- Work instruction -
In the entries below, the lines from the one with "#28602 = DIRECTION" through the one with "#33011 = DIRECTION" are to be copied exactly; both ends count.

──────────────────────────────

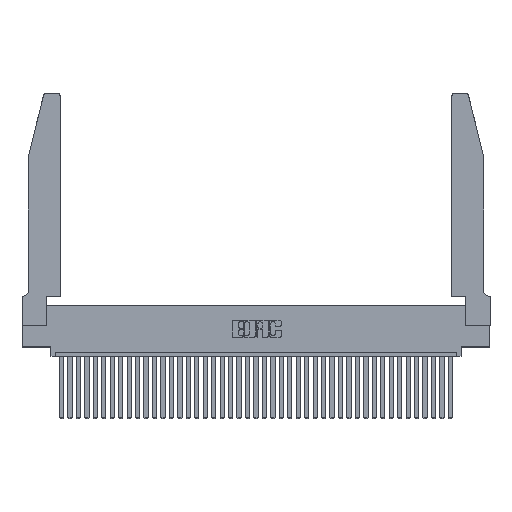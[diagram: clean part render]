
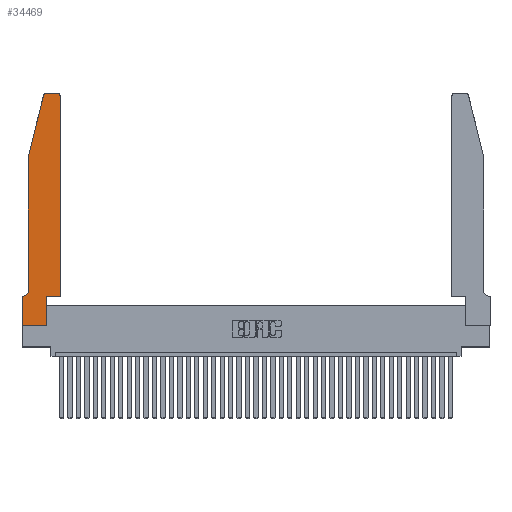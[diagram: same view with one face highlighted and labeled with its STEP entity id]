
A CAD part, top view. The second image highlights one B-rep face of the part: STEP entity #34469.
In plain terms, the highlighted planar face has unit normal (0, 0, 1).
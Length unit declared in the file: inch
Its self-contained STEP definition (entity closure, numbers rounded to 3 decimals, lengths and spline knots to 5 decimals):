
#57 = EDGE_CURVE ( 'NONE', #26038, #21673, #15233, .T. ) ;
#1104 = VERTEX_POINT ( 'NONE', #7077 ) ;
#1180 = CIRCLE ( 'NONE', #28866, 0.03 ) ;
#1262 = DIRECTION ( 'NONE',  ( 0., -1., 0. ) ) ;
#1455 = CARTESIAN_POINT ( 'NONE',  ( 0.4205, 2.72, 0.37 ) ) ;
#1709 = DIRECTION ( 'NONE',  ( 0., 0., 1. ) ) ;
#1973 = PLANE ( 'NONE',  #14775 ) ;
#2046 = CARTESIAN_POINT ( 'NONE',  ( 0.4505, 0.35, 0.37 ) ) ;
#2090 = DIRECTION ( 'NONE',  ( 1., 0., 0. ) ) ;
#2560 = CARTESIAN_POINT ( 'NONE',  ( 0.2865, 0., 0.37 ) ) ;
#2790 = DIRECTION ( 'NONE',  ( -1., 0., 0. ) ) ;
#3307 = EDGE_CURVE ( 'NONE', #16903, #8885, #14928, .T. ) ;
#3822 = CARTESIAN_POINT ( 'NONE',  ( 0., 0.35, 0.37 ) ) ;
#3901 = VECTOR ( 'NONE', #1262, 39.37008 ) ;
#4652 = CARTESIAN_POINT ( 'NONE',  ( 0., 0.35, 0.37 ) ) ;
#4814 = VERTEX_POINT ( 'NONE', #2046 ) ;
#7077 = CARTESIAN_POINT ( 'NONE',  ( 0.0755, 0.42, 0.37 ) ) ;
#7133 = VECTOR ( 'NONE', #22871, 39.37008 ) ;
#7773 = LINE ( 'NONE', #30028, #19162 ) ;
#8437 = VERTEX_POINT ( 'NONE', #37064 ) ;
#8885 = VERTEX_POINT ( 'NONE', #3822 ) ;
#9035 = CARTESIAN_POINT ( 'NONE',  ( 0.4505, 0.35, 0.37 ) ) ;
#9460 = CARTESIAN_POINT ( 'NONE',  ( 0.284, 2.75, 0.37 ) ) ;
#10236 = VECTOR ( 'NONE', #29300, 39.37008 ) ;
#10346 = ORIENTED_EDGE ( 'NONE', *, *, #19701, .T. ) ;
#10487 = ORIENTED_EDGE ( 'NONE', *, *, #24402, .T. ) ;
#10616 = CARTESIAN_POINT ( 'NONE',  ( 0., 0., 0.37 ) ) ;
#10695 = VECTOR ( 'NONE', #22593, 39.37008 ) ;
#10958 = CARTESIAN_POINT ( 'NONE',  ( 0.0755, 2., 0.37 ) ) ;
#11626 = ORIENTED_EDGE ( 'NONE', *, *, #57, .T. ) ;
#11843 = VERTEX_POINT ( 'NONE', #33186 ) ;
#13387 = EDGE_CURVE ( 'NONE', #11843, #1104, #15405, .T. ) ;
#14003 = EDGE_CURVE ( 'NONE', #8885, #32794, #30539, .T. ) ;
#14581 = AXIS2_PLACEMENT_3D ( 'NONE', #15012, #21007, #2790 ) ;
#14698 = EDGE_LOOP ( 'NONE', ( #15581, #10487, #10346, #18844, #27530, #24586, #23917, #20313, #11626, #19812, #26777, #18668 ) ) ;
#14775 = AXIS2_PLACEMENT_3D ( 'NONE', #4652, #1709, #29124 ) ;
#14801 = DIRECTION ( 'NONE',  ( 0., 0., 1. ) ) ;
#14928 = LINE ( 'NONE', #15477, #20661 ) ;
#15012 = CARTESIAN_POINT ( 'NONE',  ( 0.0055, 0.42, 0.37 ) ) ;
#15233 = LINE ( 'NONE', #29521, #7133 ) ;
#15382 = CIRCLE ( 'NONE', #35401, 0.03 ) ;
#15405 = LINE ( 'NONE', #38761, #10236 ) ;
#15477 = CARTESIAN_POINT ( 'NONE',  ( 0.0755, 0.35, 0.37 ) ) ;
#15581 = ORIENTED_EDGE ( 'NONE', *, *, #18703, .T. ) ;
#16611 = CARTESIAN_POINT ( 'NONE',  ( 0.2605, 2.75, 0.37 ) ) ;
#16903 = VERTEX_POINT ( 'NONE', #26708 ) ;
#18668 = ORIENTED_EDGE ( 'NONE', *, *, #18854, .T. ) ;
#18703 = EDGE_CURVE ( 'NONE', #8437, #29057, #19705, .T. ) ;
#18844 = ORIENTED_EDGE ( 'NONE', *, *, #13387, .T. ) ;
#18854 = EDGE_CURVE ( 'NONE', #25901, #8437, #15382, .T. ) ;
#18912 = VECTOR ( 'NONE', #30058, 39.37008 ) ;
#19057 = CARTESIAN_POINT ( 'NONE',  ( 0., 0., 0.37 ) ) ;
#19162 = VECTOR ( 'NONE', #2090, 39.37008 ) ;
#19701 = EDGE_CURVE ( 'NONE', #24267, #11843, #26028, .T. ) ;
#19705 = LINE ( 'NONE', #16611, #10695 ) ;
#19812 = ORIENTED_EDGE ( 'NONE', *, *, #25171, .T. ) ;
#20313 = ORIENTED_EDGE ( 'NONE', *, *, #34384, .T. ) ;
#20661 = VECTOR ( 'NONE', #22130, 39.37008 ) ;
#21007 = DIRECTION ( 'NONE',  ( 0., 0., -1. ) ) ;
#21276 = CIRCLE ( 'NONE', #14581, 0.07 ) ;
#21673 = VERTEX_POINT ( 'NONE', #29546 ) ;
#22130 = DIRECTION ( 'NONE',  ( -1., 0., 0. ) ) ;
#22593 = DIRECTION ( 'NONE',  ( -1., 0., 0. ) ) ;
#22871 = DIRECTION ( 'NONE',  ( 0., 1., 0. ) ) ;
#23538 = EDGE_CURVE ( 'NONE', #1104, #16903, #21276, .T. ) ;
#23917 = ORIENTED_EDGE ( 'NONE', *, *, #14003, .T. ) ;
#24003 = LINE ( 'NONE', #34180, #27817 ) ;
#24267 = VERTEX_POINT ( 'NONE', #25202 ) ;
#24402 = EDGE_CURVE ( 'NONE', #29057, #24267, #1180, .T. ) ;
#24586 = ORIENTED_EDGE ( 'NONE', *, *, #3307, .T. ) ;
#25171 = EDGE_CURVE ( 'NONE', #21673, #4814, #7773, .T. ) ;
#25202 = CARTESIAN_POINT ( 'NONE',  ( 0.25487, 2.72718, 0.37 ) ) ;
#25901 = VERTEX_POINT ( 'NONE', #28662 ) ;
#25971 = CARTESIAN_POINT ( 'NONE',  ( 0.284, 2.72, 0.37 ) ) ;
#26028 = LINE ( 'NONE', #10958, #36519 ) ;
#26038 = VERTEX_POINT ( 'NONE', #2560 ) ;
#26367 = DIRECTION ( 'NONE',  ( 1., 0., 0. ) ) ;
#26390 = FACE_OUTER_BOUND ( 'NONE', #14698, .T. ) ;
#26708 = CARTESIAN_POINT ( 'NONE',  ( 0.0055, 0.35, 0.37 ) ) ;
#26777 = ORIENTED_EDGE ( 'NONE', *, *, #38834, .T. ) ;
#27522 = LINE ( 'NONE', #9035, #18912 ) ;
#27530 = ORIENTED_EDGE ( 'NONE', *, *, #23538, .T. ) ;
#27817 = VECTOR ( 'NONE', #28602, 39.37008 ) ;
#28602 = DIRECTION ( 'NONE',  ( 1., 0., 0. ) ) ;
#28662 = CARTESIAN_POINT ( 'NONE',  ( 0.4505, 2.72, 0.37 ) ) ;
#28866 = AXIS2_PLACEMENT_3D ( 'NONE', #25971, #32130, #26367 ) ;
#29057 = VERTEX_POINT ( 'NONE', #9460 ) ;
#29124 = DIRECTION ( 'NONE',  ( 1., 0., 0. ) ) ;
#29300 = DIRECTION ( 'NONE',  ( 0., -1., 0. ) ) ;
#29521 = CARTESIAN_POINT ( 'NONE',  ( 0.2865, 0.35, 0.37 ) ) ;
#29546 = CARTESIAN_POINT ( 'NONE',  ( 0.2865, 0.35, 0.37 ) ) ;
#30028 = CARTESIAN_POINT ( 'NONE',  ( 0.4505, 0.35, 0.37 ) ) ;
#30058 = DIRECTION ( 'NONE',  ( 0., 1., 0. ) ) ;
#30539 = LINE ( 'NONE', #10616, #3901 ) ;
#31203 = DIRECTION ( 'NONE',  ( 1., 0., 0. ) ) ;
#32130 = DIRECTION ( 'NONE',  ( 0., 0., 1. ) ) ;
#32794 = VERTEX_POINT ( 'NONE', #19057 ) ;
#33011 = DIRECTION ( 'NONE',  ( -0.239, -0.971, 0. ) ) ;
#33186 = CARTESIAN_POINT ( 'NONE',  ( 0.0755, 2., 0.37 ) ) ;
#34180 = CARTESIAN_POINT ( 'NONE',  ( 0., 0., 0.37 ) ) ;
#34384 = EDGE_CURVE ( 'NONE', #32794, #26038, #24003, .T. ) ;
#34469 = ADVANCED_FACE ( 'NONE', ( #26390 ), #1973, .T. ) ;
#35401 = AXIS2_PLACEMENT_3D ( 'NONE', #1455, #14801, #31203 ) ;
#36519 = VECTOR ( 'NONE', #33011, 39.37008 ) ;
#37064 = CARTESIAN_POINT ( 'NONE',  ( 0.4205, 2.75, 0.37 ) ) ;
#38761 = CARTESIAN_POINT ( 'NONE',  ( 0.0755, 2., 0.37 ) ) ;
#38834 = EDGE_CURVE ( 'NONE', #4814, #25901, #27522, .T. ) ;

──────────────────────────────

- Task response -
#28602 = DIRECTION ( 'NONE',  ( 1., 0., 0. ) ) ;
#28662 = CARTESIAN_POINT ( 'NONE',  ( 0.4505, 2.72, 0.37 ) ) ;
#28866 = AXIS2_PLACEMENT_3D ( 'NONE', #25971, #32130, #26367 ) ;
#29057 = VERTEX_POINT ( 'NONE', #9460 ) ;
#29124 = DIRECTION ( 'NONE',  ( 1., 0., 0. ) ) ;
#29300 = DIRECTION ( 'NONE',  ( 0., -1., 0. ) ) ;
#29521 = CARTESIAN_POINT ( 'NONE',  ( 0.2865, 0.35, 0.37 ) ) ;
#29546 = CARTESIAN_POINT ( 'NONE',  ( 0.2865, 0.35, 0.37 ) ) ;
#30028 = CARTESIAN_POINT ( 'NONE',  ( 0.4505, 0.35, 0.37 ) ) ;
#30058 = DIRECTION ( 'NONE',  ( 0., 1., 0. ) ) ;
#30539 = LINE ( 'NONE', #10616, #3901 ) ;
#31203 = DIRECTION ( 'NONE',  ( 1., 0., 0. ) ) ;
#32130 = DIRECTION ( 'NONE',  ( 0., 0., 1. ) ) ;
#32794 = VERTEX_POINT ( 'NONE', #19057 ) ;
#33011 = DIRECTION ( 'NONE',  ( -0.239, -0.971, 0. ) ) ;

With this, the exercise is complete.